### Your assignment
From the entries, copy each line that includes "sides".

### Source data
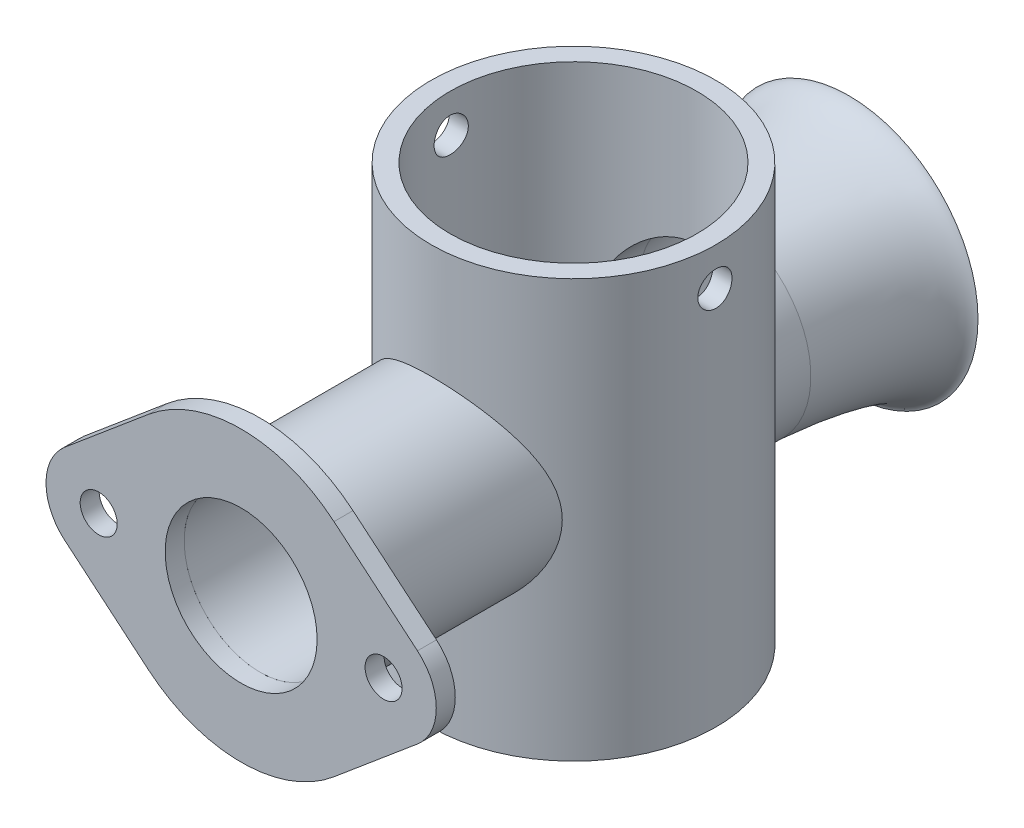
from build123d import *

# Parameters (mm, degrees)
SKETCH1_R                = 7.5
SKETCH1_R_2              = 6.5
BOSS_EXTRUDE1_DEPTH      = 22
BOSS_EXTRUDE2_START      = 17.5
SKETCH2_R                = 4
SKETCH2_R_2              = 0.975
BOSS_EXTRUDE2_DEPTH      = 1
BOSS_EXTRUDE3_DEPTH      = 16.5
BOSS_EXTRUDE3_DEPTH_BACK = 7.5
SKETCH3_R                = 5
SKETCH9_R                = 4
CUT_EXTRUDE1_DEPTH       = 35.85076225
SKETCH11_R               = 6.5
BOSS_EXTRUDE5_DEPTH      = 22
SKETCH12_R               = 6.5
CUT_EXTRUDE2_DEPTH       = 20
SKETCH13_R               = 1.5
CUT_EXTRUDE3_DEPTH       = 30.930346296
CUT_EXTRUDE4_DEPTH       = 30.930346296
CUT_EXTRUDE4_DEPTH_BACK  = 30.930346296
SKETCH14_R               = 0.9


with BuildPart() as part:
    # Sketch1 → Boss-Extrude1 (new body)
    with BuildSketch(Plane(origin=(0, 0, 0), x_dir=(1, 0, 0), z_dir=(0, 1, 0))):
        with Locations(Location((0, 0, 0), (0, 0, 270))):
            Circle(SKETCH1_R)
        with Locations(Location((0, 0, 0), (0, 0, 270))):
            Circle(SKETCH1_R_2, mode=Mode.SUBTRACT)
    extrude(amount=BOSS_EXTRUDE1_DEPTH)



with BuildPart() as body_2:
    # Sketch2 → Boss-Extrude2 (new body)
    with BuildSketch(Plane.XY.offset(BOSS_EXTRUDE2_START)):
        with BuildLine():
            Line((-9.28525, 13.124501692), (-4.889333333, 16.818455083))
            ThreePointArc((-4.889333333, 16.818455083), (0, 18.6), (4.889333333, 16.818455083))
            Line((4.889333333, 16.818455083), (9.28525, 13.124501692))
            ThreePointArc((9.28525, 13.124501692), (10.275, 11), (9.28525, 8.875498308))
            Line((9.28525, 8.875498308), (4.889333333, 5.181544917))
            ThreePointArc((4.889333333, 5.181544917), (0, 3.4), (-4.889333333, 5.181544917))
            Line((-4.889333333, 5.181544917), (-9.28525, 8.875498308))
            ThreePointArc((-9.28525, 8.875498308), (-10.275, 11), (-9.28525, 13.124501692))
        make_face()
        with Locations((0, 11)):
            Circle(SKETCH2_R, mode=Mode.SUBTRACT)
        with Locations((-7.5, 11)):
            Circle(SKETCH2_R_2, mode=Mode.SUBTRACT)
        with Locations((7.5, 11)):
            Circle(SKETCH2_R_2, mode=Mode.SUBTRACT)
    extrude(amount=-BOSS_EXTRUDE2_DEPTH)


with BuildPart() as body_3:
    # Sketch3 → Boss-Extrude3 (new, two sides: drawn at the far end of the back side and taken through both)
    with BuildSketch(Plane.XY.offset(-BOSS_EXTRUDE3_DEPTH_BACK)):
        with Locations((0, 11)):
            Circle(SKETCH3_R)
    extrude(amount=BOSS_EXTRUDE3_DEPTH + BOSS_EXTRUDE3_DEPTH_BACK)


with BuildPart() as part_1:
    add(part.part)

    add(body_3.part)  # Revolve1 merges body 3
    # Sketch8 → Revolve1 (revolve)
    with BuildSketch(Plane(origin=(0, 0, 0), x_dir=(0, 0, -1), z_dir=(1, 0, 0))):
        with BuildLine():
            Line((14.5, 17.799305288), (14.5, 16.799305288))
            add(Edge.make_bspline(
                [(7.5, 15), (10.027506541, 15.070845427), (14.326887273, 16.097322761), (14.5, 16.799305288)],
                knots=[0, 0, 0, 0, 1, 1, 1, 1], degree=3))
            Line((7.5, 15), (7.5, 16))
            add(Edge.make_bspline(
                [(7.5, 16), (10.027523271, 16.145992602), (14.116044918, 16.720481547), (14.5, 17.799305288)],
                knots=[0, 0, 0, 0, 1, 1, 1, 1], degree=3))
        make_face()
    revolve(axis=Axis((0, 11, -7.5), (0, 0, -1)))

    # Sketch9 → Cut-Extrude1 (cut, through all)
    with BuildSketch(Plane(origin=(0, 0, -7.5), x_dir=(-1, 0, 0), z_dir=(0, 0, -1))):
        with Locations(Location((0, 11, 0), (0, 0, 180))):
            Circle(SKETCH9_R)
    extrude(amount=-CUT_EXTRUDE1_DEPTH, mode=Mode.SUBTRACT)

    # Sketch11 → Boss-Extrude5 (add, through all)
    with BuildSketch(Plane(origin=(0, 22, 0), x_dir=(1, 0, 0), z_dir=(0, 1, 0))):
        Circle(SKETCH11_R)
    extrude(amount=-BOSS_EXTRUDE5_DEPTH)

    # Sketch12 → Cut-Extrude2 (cut)
    with BuildSketch(Plane(origin=(0, 22, 0), x_dir=(1, 0, 0), z_dir=(0, 1, 0))):
        with Locations(Location((0, 0, 0), (0, 0, 270))):
            Circle(SKETCH12_R)
    extrude(amount=-CUT_EXTRUDE2_DEPTH, mode=Mode.SUBTRACT)

    # Sketch13 → Cut-Extrude3 (cut, through all)
    with BuildSketch(Plane.XZ):
        with Locations(Location((0, 0, 0), (0, 0, 270))):
            Circle(SKETCH13_R)
    extrude(amount=-CUT_EXTRUDE3_DEPTH, mode=Mode.SUBTRACT)

    # Sketch14 → Cut-Extrude4 (cut, two sides: drawn at the far end of the back side and taken through both)
    with BuildSketch(Plane(origin=(0, 0, 0), x_dir=(0, 0, -1), z_dir=(1, 0, 0)).offset(-CUT_EXTRUDE4_DEPTH_BACK)):
        with Locations((0, 20)):
            Circle(SKETCH14_R)
    extrude(amount=CUT_EXTRUDE4_DEPTH + CUT_EXTRUDE4_DEPTH_BACK, mode=Mode.SUBTRACT)


solid = Compound([body_2.part, part_1.part])

### Task result
    # Sketch3 → Boss-Extrude3 (new, two sides: drawn at the far end of the back side and taken through both)
    # Sketch14 → Cut-Extrude4 (cut, two sides: drawn at the far end of the back side and taken through both)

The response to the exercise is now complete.